Start of Dataset

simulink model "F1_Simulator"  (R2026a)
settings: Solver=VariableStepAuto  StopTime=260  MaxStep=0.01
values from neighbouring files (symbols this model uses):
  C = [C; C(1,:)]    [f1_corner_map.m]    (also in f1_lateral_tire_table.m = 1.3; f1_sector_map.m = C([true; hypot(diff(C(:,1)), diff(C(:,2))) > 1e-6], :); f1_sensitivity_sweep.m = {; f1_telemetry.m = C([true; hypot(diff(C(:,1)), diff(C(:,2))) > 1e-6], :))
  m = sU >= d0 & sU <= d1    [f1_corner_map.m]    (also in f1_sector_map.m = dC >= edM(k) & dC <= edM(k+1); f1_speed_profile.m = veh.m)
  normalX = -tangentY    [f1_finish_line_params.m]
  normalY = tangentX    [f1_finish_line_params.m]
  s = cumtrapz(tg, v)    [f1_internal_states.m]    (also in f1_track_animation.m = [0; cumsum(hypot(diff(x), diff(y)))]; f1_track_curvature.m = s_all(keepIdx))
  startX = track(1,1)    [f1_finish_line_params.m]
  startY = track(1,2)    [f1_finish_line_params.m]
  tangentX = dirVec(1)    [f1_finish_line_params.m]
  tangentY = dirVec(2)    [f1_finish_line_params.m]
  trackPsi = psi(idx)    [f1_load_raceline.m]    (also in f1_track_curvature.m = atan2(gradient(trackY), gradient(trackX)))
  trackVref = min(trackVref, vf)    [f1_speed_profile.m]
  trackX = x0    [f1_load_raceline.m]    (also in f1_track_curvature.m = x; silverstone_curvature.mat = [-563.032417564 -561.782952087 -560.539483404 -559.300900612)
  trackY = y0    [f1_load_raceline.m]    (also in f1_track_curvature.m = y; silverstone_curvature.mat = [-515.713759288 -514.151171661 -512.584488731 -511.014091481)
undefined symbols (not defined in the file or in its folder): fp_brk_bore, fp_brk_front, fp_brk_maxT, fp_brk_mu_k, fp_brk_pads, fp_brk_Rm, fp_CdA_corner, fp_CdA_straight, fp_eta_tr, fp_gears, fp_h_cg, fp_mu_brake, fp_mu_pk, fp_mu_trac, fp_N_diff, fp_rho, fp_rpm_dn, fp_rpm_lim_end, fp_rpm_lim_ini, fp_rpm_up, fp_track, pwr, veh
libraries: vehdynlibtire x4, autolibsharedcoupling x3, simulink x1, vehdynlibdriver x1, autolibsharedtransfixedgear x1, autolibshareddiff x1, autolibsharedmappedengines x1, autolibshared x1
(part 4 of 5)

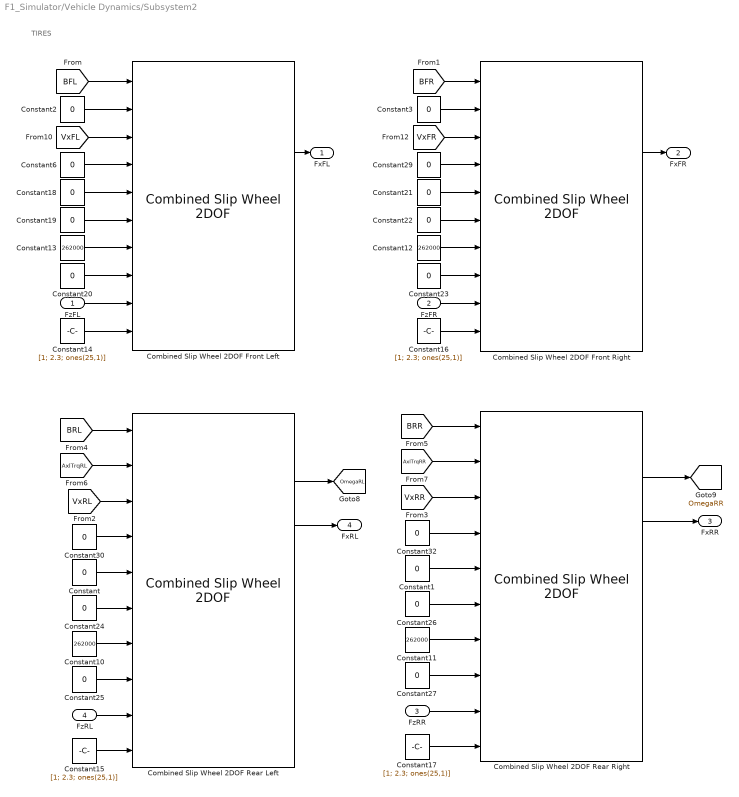
== system F1_Simulator/Vehicle Dynamics/Subsystem2 ==
  note: TIRES
  FzFL : Inport
  FzFR : Inport  Port=2
  FzRR : Inport  Port=3
  FzRL : Inport  Port=4
  Combined Slip Wheel 2DOF Front Left : vehdynlibtire/Combined Slip Wheel 2DOF  tireType=External file  tireParamSet=C:\Users\Julian\Downloads\obfuscated.tir  vertType=Magic Formula  plySteer=on  turnslip=on  BrakeType=Disc  mu_static=0.45  mu_kinetic=brk.mu_k  drum_abore=0.0508  drum_a=0.123  drum_c=0.212  drum_r=0.15  drum_theta1=0  drum_theta2=126  disk_abore=brk.disk_abore  Rm=brk.Rm  num_pads=brk.num_pads  brake_p_bpt=[1 11.4736842105263 21.9473684210526 32.4210526315789 42.8947368421053 53.3684210526316 63.8421052631579 74.3157894736842 84.7894736842105 95.2631578947368 105.736842105263 116.210526315789 126.684210526316 137.157894736842 147.631578947368 158.105263157895 168.578947368421 179.052631578947 189.526315789474 200]  brake_n_bpt=[0 52.6315789473684 105.263157894737 157.894736842105 210.526315789474 263.157894736842 315.789473684211 368.421052631579 421.052631578947 473.684210526316 526.315789473684 578.947368421053 631.578947368421 684.210526315789 736.842105263158 789.473684210526 842.105263157895 894.736842105263 947.368421052632 1000]  f_brake_t=[43.4900602404453 42.5056030554862 41.5350898940194 40.5780454442085 39.6340111501808 38.7025443887544 37.7832176914519 36.8756180088306 35.9793460143796 35.0940154454303 34.2192524787115 33.3546951383474 32.4999927342521 31.6548053290159 30.8188032315107 29.991666515561 29.1730845621415 28.362755623661 27.5603864089927 26.765691687993;498.991217495636 487.695866636631 476.560505099801 465.579679307235 454.748127933653 444.060772460445 433.51270824929 423.099196101319 412.81565427025 402.657650900201 392.620896861006 382.701238955775 372.894653477208 363.197240090814 353.605216024701 344.114910546964 334.722759712992 325.425301366216 316.219170376863 307.10109410434;954.492374750826 932.886130217776 911.585920305583 890.581313170261 869.862244717126 849.419000532136 829.242198807128 809.322774193808 789.651962526121 770.221286354971 751.0225412433 732.047782773203 713.289314220164 694.739674852612 676.391628817892 658.238154578366 640.272434863842 622.48784710877 604.877954344734 587.436496520688;1409.99353200602 1378.07639379892 1346.61133551136 1315.58294703329 1284.9763615006 1254.77722860383 1224.97168936497 1195.5463522863 1166.48827078199 1137.78492180974 1109.42418562559 1081.39432659063 1053.68397496312 1026.28210961441 999.178041611083 972.361398609768 945.822110014692 919.550392851325 893.536738312604 867.771898937035;1865.49468926121 1823.26665738007 1781.63675071715 1740.58458089631 1700.09047828407 1660.13545667552 1620.7011799228 1581.76993037878 1543.32457903786 1505.34855726451 1467.82583000789 1430.74087040806 1394.07863570608 1357.82454437621 1321.96445440427 1286.48464264117 1251.37178516554 1216.61293859388 1182.19552228048 1148.10730135338;2320.9958465164 2268.45692096121 2216.66216592293 2165.58621475934 2115.20459506754 2065.49368474721 2016.43067048064 1967.99350847127 1920.16088729373 1872.91219271928 1826.22747439018 1780.08741422549 1734.47329644903 1689.36697913801 1644.75086719747 1600.60788667257 1556.92146031639 1513.67548433643 1470.85430624835 1428.44270376973;2776.49700377159 2713.64718454235 2651.68758112871 2590.58784862237 2530.31871185102 2470.8519128189 2412.16016103848 2354.21708656376 2296.9971955496 2240.47582817405 2184.62911877248 2129.43395804292 2074.86795719199 2020.9094138998 1967.53727999066 1914.73113070398 1862.47113546724 1810.73803007899 1759.51309021622 1708.77810618608;3231.99816102678 3158.8374481235 3086.71299633449 3015.58948248539 2945.43282863449 2876.21014089059 2807.88965159632 2740.44066465625 2673.83350380547 2608.03946362882 2543.03076315477 2478.78050186034 2415.26261793494 2352.4518486616 2290.32369278385 2228.85437473538 2168.02081061809 2107.80057582154 2048.17187418409 1989.11350860242;3687.49931828197 3604.02771170464 3521.73841154027 3440.59111634842 3360.54694541796 3281.56836896228 3203.61914215416 3126.66424274874 3050.66981206134 2975.60309908359 2901.43240753707 2828.12704567777 2755.6572786779 2683.9942834234 2613.11010557704 2542.97761876678 2473.57048576894 2404.8631215641 2336.83065815196 2269.44891101877;4143.00047553716 4049.21797528579 3956.76382674606 3865.59275021144 3775.66106220143 3686.92659703397 3599.34863271199 3512.88782084123 3427.50612031721 3343.16673453836 3259.83405191936 3177.4735894952 3096.05193942085 3015.5367181852 2935.89651837023 2857.10086279818 2779.12016091979 2701.92566730665 2625.48944211983 2549.78431343512;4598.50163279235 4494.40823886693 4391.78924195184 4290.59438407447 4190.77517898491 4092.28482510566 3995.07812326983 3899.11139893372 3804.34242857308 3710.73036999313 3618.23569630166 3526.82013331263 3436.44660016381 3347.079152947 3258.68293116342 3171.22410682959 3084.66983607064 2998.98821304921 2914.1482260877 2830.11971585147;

End of Dataset

Search the entries for the word "trackY", then list each line that holds it.

● **Response box**:
  trackPsi = psi(idx)    [f1_load_raceline.m]    (also in f1_track_curvature.m = atan2(gradient(trackY), gradient(trackX)))
  trackY = y0    [f1_load_raceline.m]    (also in f1_track_curvature.m = y; silverstone_curvature.mat = [-515.713759288 -514.151171661 -512.584488731 -511.014091481)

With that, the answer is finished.